- Task to carry out
An exact reproduction of the lines below, from the first through the one with "In4 : Inport", is the whole answer; pictures have no place in it.

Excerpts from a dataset
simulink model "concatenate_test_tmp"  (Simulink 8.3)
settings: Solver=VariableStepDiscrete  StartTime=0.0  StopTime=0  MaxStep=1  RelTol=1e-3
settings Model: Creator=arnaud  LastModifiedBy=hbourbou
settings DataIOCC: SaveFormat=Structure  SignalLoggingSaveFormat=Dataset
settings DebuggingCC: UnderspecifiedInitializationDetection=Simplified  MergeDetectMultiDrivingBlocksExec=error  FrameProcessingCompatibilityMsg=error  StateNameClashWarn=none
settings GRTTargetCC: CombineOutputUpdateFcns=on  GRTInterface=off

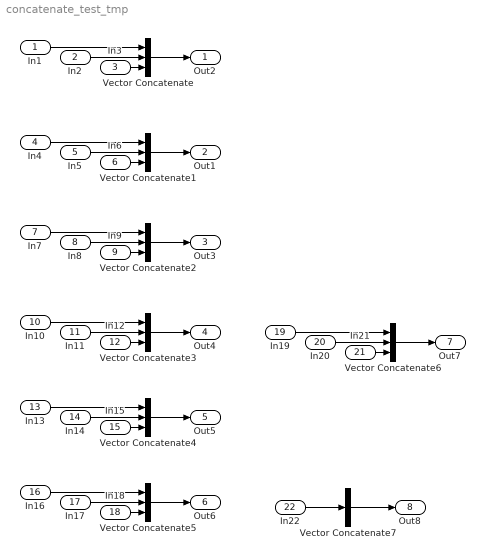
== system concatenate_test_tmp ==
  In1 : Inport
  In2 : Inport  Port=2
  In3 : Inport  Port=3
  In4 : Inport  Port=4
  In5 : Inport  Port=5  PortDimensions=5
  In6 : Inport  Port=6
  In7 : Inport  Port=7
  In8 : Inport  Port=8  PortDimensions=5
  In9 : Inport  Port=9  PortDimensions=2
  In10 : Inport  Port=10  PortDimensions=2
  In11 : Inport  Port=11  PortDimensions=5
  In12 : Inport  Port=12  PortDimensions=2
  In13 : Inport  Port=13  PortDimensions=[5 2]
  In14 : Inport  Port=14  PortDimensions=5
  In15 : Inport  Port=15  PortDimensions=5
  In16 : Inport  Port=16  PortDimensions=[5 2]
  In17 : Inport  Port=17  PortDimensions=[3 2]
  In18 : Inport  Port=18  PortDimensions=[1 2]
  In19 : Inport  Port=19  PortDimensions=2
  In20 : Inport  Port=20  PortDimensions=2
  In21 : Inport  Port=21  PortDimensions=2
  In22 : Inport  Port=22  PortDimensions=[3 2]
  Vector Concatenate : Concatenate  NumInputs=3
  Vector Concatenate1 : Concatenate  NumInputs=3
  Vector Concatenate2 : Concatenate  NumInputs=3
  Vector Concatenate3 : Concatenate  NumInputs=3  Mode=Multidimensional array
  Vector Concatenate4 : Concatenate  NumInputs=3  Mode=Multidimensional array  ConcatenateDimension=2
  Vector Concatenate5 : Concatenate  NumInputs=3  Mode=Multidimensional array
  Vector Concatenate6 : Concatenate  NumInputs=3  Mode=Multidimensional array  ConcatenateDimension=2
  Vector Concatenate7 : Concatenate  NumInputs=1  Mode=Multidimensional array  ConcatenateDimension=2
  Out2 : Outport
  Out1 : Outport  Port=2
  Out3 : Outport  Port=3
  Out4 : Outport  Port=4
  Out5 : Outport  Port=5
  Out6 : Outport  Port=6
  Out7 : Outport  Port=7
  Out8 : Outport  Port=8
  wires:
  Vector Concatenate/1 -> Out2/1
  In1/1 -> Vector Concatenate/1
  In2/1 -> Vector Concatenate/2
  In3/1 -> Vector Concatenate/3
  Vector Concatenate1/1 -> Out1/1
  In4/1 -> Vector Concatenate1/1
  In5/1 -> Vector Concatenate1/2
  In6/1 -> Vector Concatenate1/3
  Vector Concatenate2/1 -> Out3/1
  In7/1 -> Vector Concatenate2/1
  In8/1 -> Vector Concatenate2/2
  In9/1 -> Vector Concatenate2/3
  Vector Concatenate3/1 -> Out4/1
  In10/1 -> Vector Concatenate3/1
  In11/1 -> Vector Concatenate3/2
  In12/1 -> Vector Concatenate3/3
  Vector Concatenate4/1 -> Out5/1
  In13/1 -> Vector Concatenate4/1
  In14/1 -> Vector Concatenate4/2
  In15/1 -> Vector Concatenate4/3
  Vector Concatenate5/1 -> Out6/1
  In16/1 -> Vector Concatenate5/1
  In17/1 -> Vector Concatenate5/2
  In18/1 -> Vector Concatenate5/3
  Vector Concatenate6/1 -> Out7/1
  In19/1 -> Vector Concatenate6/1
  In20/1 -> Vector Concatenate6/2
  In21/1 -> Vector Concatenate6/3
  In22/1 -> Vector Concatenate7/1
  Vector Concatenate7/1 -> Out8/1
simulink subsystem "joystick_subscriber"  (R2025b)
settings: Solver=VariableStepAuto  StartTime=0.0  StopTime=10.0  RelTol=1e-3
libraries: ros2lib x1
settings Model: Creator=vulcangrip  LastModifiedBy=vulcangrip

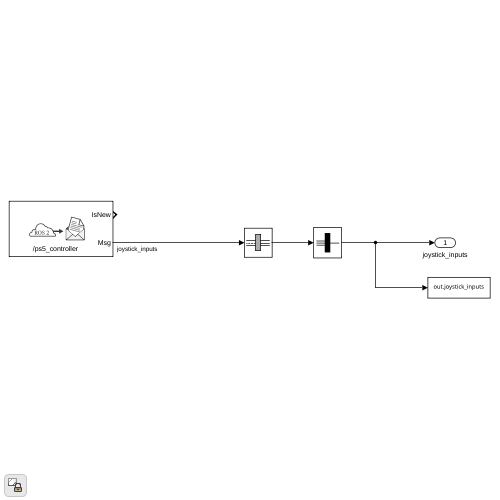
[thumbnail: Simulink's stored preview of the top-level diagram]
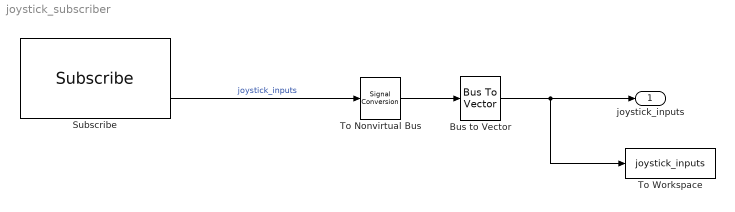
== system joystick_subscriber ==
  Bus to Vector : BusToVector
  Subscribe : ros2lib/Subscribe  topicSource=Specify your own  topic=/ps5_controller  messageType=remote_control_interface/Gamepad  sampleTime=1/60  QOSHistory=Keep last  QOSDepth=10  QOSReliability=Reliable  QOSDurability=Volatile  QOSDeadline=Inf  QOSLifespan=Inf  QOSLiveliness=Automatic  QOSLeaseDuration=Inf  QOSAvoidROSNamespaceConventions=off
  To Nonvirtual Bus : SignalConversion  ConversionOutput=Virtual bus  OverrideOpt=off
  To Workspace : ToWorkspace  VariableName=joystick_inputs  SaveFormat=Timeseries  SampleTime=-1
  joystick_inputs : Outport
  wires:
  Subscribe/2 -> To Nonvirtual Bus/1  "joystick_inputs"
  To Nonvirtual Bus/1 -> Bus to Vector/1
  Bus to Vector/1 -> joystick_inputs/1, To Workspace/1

- Written solution
simulink model "concatenate_test_tmp"  (Simulink 8.3)
settings: Solver=VariableStepDiscrete  StartTime=0.0  StopTime=0  MaxStep=1  RelTol=1e-3
settings Model: Creator=arnaud  LastModifiedBy=hbourbou
settings DataIOCC: SaveFormat=Structure  SignalLoggingSaveFormat=Dataset
settings DebuggingCC: UnderspecifiedInitializationDetection=Simplified  MergeDetectMultiDrivingBlocksExec=error  FrameProcessingCompatibilityMsg=error  StateNameClashWarn=none
settings GRTTargetCC: CombineOutputUpdateFcns=on  GRTInterface=off

== system concatenate_test_tmp ==
  In1 : Inport
  In2 : Inport  Port=2
  In3 : Inport  Port=3
  In4 : Inport  Port=4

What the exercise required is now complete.